15. The non-transitory computer readable medium of claim 9, comprising instructions which, when executed, cause the processor to address the defect of the asset by repairing the defect of the asset, replacing part of the asset from an available inventory of parts, spraying part of the asset with a preventative or treatment composition, lubricating part of the asset, welding part of the asset, printing 3D printable parts to apply to the asset, or any combination thereof.
16. A method, compri sing :
receiving sensor data from at least one sensor of at least one robot indicating one or more characteristics of an asset;
generating, updating, or maintaining a digital representation that models the one or more characteristics of the asset;
detecting a defect of the asset based at least in part on the one or more characteristics; and generating an output signal encoding or conveying instructions to provide a recommendation to an operator, to control the at least one robot to address the defect on the asset, or both, based on the defect and the digital representation of the asset.

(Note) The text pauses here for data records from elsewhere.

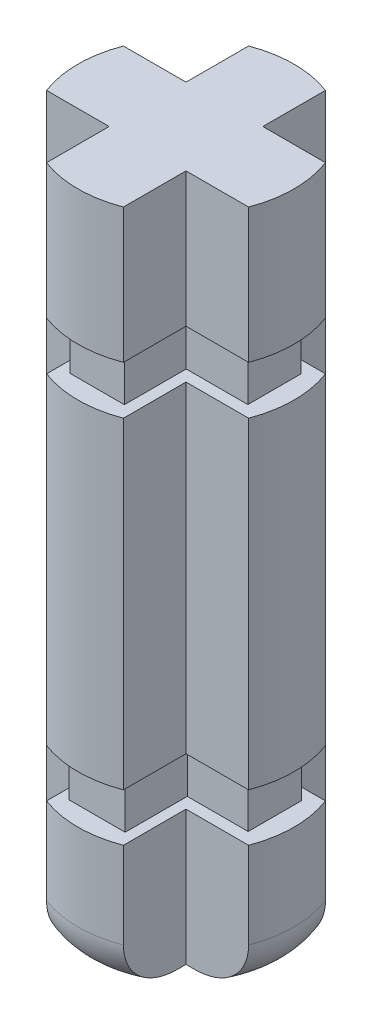
from build123d import *

# Parameters (mm, degrees)
BOSS_EXTRUDE1_DEPTH = 2.8
FILLET1_R           = 1
FILLET2_R           = 1
FILLET3_R           = 1
FILLET4_R           = 1
BOSS_EXTRUDE2_DEPTH = 1
BOSS_EXTRUDE3_DEPTH = 6.7
BOSS_EXTRUDE4_DEPTH = 1
BOSS_EXTRUDE5_DEPTH = 2.8


with BuildPart() as part:
    # Sketch1 → Boss-Extrude1 (new body)
    with BuildSketch(Plane(origin=(0, 0, 0), x_dir=(1, 0, 0), z_dir=(0, 1, 0))):
        with BuildLine():
            Line((-0.8, -0.8), (-0.8, -2.102974084))
            ThreePointArc((-0.8, -2.102974084), (0, -2.25), (0.8, -2.102974084))
            Line((0.8, -2.102974084), (0.8, -0.8))
            Line((0.8, -0.8), (2.102974084, -0.8))
            ThreePointArc((2.102974084, -0.8), (2.25, 0), (2.102974084, 0.8))
            Line((2.102974084, 0.8), (0.8, 0.8))
            Line((0.8, 0.8), (0.8, 2.102974084))
            ThreePointArc((0.8, 2.102974084), (0, 2.25), (-0.8, 2.102974084))
            Line((-0.8, 2.102974084), (-0.8, 0.8))
            Line((-0.8, 0.8), (-2.102974084, 0.8))
            ThreePointArc((-2.102974084, 0.8), (-2.25, 0), (-2.102974084, -0.8))
            Line((-2.102974084, -0.8), (-0.8, -0.8))
        make_face()
    extrude(amount=BOSS_EXTRUDE1_DEPTH)

    # Fillet1
    fillet1_edges = [part.edges().sort_by_distance(p)[0] for p in [
        (-2.25, 0, 0),
    ]]
    fillet(fillet1_edges, radius=FILLET1_R)

    # Fillet2
    fillet2_edges = [part.edges().sort_by_distance(p)[0] for p in [
        (0, 0, 2.25),
    ]]
    fillet(fillet2_edges, radius=FILLET2_R)

    # Fillet3
    fillet3_edges = [part.edges().sort_by_distance(p)[0] for p in [
        (2.25, 0, 0),
    ]]
    fillet(fillet3_edges, radius=FILLET3_R)

    # Fillet4
    fillet4_edges = [part.edges().sort_by_distance(p)[0] for p in [
        (0, 0, -2.25),
    ]]
    fillet(fillet4_edges, radius=FILLET4_R)

    # Sketch3 → Boss-Extrude2 (add)
    with BuildSketch(Plane(origin=(0, 2.8, 0), x_dir=(1, 0, 0), z_dir=(0, 1, 0))):
        Polygon((-0.583389757, 0.556274706), (-0.583389757, 1.85), (0.583389757, 1.85), (0.583389757, 0.556274706), (1.85, 0.556274706), (1.85, -0.556274706), (0.583389757, -0.556274706), (0.583389757, -1.85), (-0.583389757, -1.85), (-0.583389757, -0.556274706), (-1.85, -0.556274706), (-1.85, 0.556274706), align=None)
    extrude(amount=BOSS_EXTRUDE2_DEPTH)

    # Sketch11 → Boss-Extrude3 (add)
    with BuildSketch(Plane(origin=(0, 3.8, 0), x_dir=(1, 0, 0), z_dir=(0, 1, 0))):
        with BuildLine():
            Line((-0.799009338, -0.800292793), (-0.799009338, -2.103266877))
            ThreePointArc((-0.799009338, -2.103266877), (0.000990662, -2.250292793), (0.800990662, -2.103266877))
            Line((0.800990662, -2.103266877), (0.800990662, -0.800292793))
            Line((0.800990662, -0.800292793), (2.103964747, -0.800292793))
            ThreePointArc((2.103964747, -0.800292793), (2.250990662, -0.000292793), (2.103964747, 0.799707207))
            Line((2.103964747, 0.799707207), (0.800990662, 0.799707207))
            Line((0.800990662, 0.799707207), (0.800990662, 2.102681291))
            ThreePointArc((0.800990662, 2.102681291), (0.000990662, 2.249707207), (-0.799009338, 2.102681291))
            Line((-0.799009338, 2.102681291), (-0.799009338, 0.799707207))
            Line((-0.799009338, 0.799707207), (-2.101983422, 0.799707207))
            ThreePointArc((-2.101983422, 0.799707207), (-2.249009338, -0.000292793), (-2.101983422, -0.800292793))
            Line((-2.101983422, -0.800292793), (-0.799009338, -0.800292793))
        make_face()
    extrude(amount=BOSS_EXTRUDE3_DEPTH)

    # Sketch12 → Boss-Extrude4 (add)
    with BuildSketch(Plane(origin=(0, 10.5, 0), x_dir=(1, 0, 0), z_dir=(0, 1, 0))):
        Polygon((0.567460326, 0.546772752), (1.85, 0.546772752), (1.85, -0.562668947), (0.567460326, -0.562668947), (0.567460326, -1.850285006), (-0.565476617, -1.850285006), (-0.565476617, -0.562668947), (-1.85, -0.562668947), (-1.85, 0.546772752), (-0.565476617, 0.546772752), (-0.565476617, 1.849714994), (0.567460326, 1.849714994), align=None)
    extrude(amount=BOSS_EXTRUDE4_DEPTH)

    # Sketch13 → Boss-Extrude5 (add)
    with BuildSketch(Plane(origin=(0, 11.5, 0), x_dir=(1, 0, 0), z_dir=(0, 1, 0))):
        with BuildLine():
            Line((-0.806071321, -0.793579744), (-0.806071321, -2.096553829))
            ThreePointArc((-0.806071321, -2.096553829), (-0.006071321, -2.243579744), (0.793928679, -2.096553829))
            Line((0.793928679, -2.096553829), (0.793928679, -0.793579744))
            Line((0.793928679, -0.793579744), (2.096902763, -0.793579744))
            ThreePointArc((2.096902763, -0.793579744), (2.243928679, 0.006420256), (2.096902763, 0.806420256))
            Line((2.096902763, 0.806420256), (0.793928679, 0.806420256))
            Line((0.793928679, 0.806420256), (0.793928679, 2.10939434))
            ThreePointArc((0.793928679, 2.10939434), (-0.006071321, 2.256420256), (-0.806071321, 2.10939434))
            Line((-0.806071321, 2.10939434), (-0.806071321, 0.806420256))
            Line((-0.806071321, 0.806420256), (-2.109045406, 0.806420256))
            ThreePointArc((-2.109045406, 0.806420256), (-2.256071321, 0.006420256), (-2.109045406, -0.793579744))
            Line((-2.109045406, -0.793579744), (-0.806071321, -0.793579744))
        make_face()
    extrude(amount=BOSS_EXTRUDE5_DEPTH)


solid = part.part

17. The method of claim 16, comprising determining risk associated with the defect of the asset based on severity of the defect, location of the defect, likelihood of poor performance due to the defect, or any combination thereof.
18. The method of claim 17, comprising determining whether improved performance from repairing the defect of the asset outweighs a cost associated with repairing the defect.
19. The method of claim 16, comprising sending a control signal to the at least one robot to inspect an area based on previously detected anomalies and a risk associated with the previously detected anomalies.
20. The method of claim 16, comprising sending the control signal to send the at least one robot to inspect part of an asset prone to cracking based on previously detected cracking.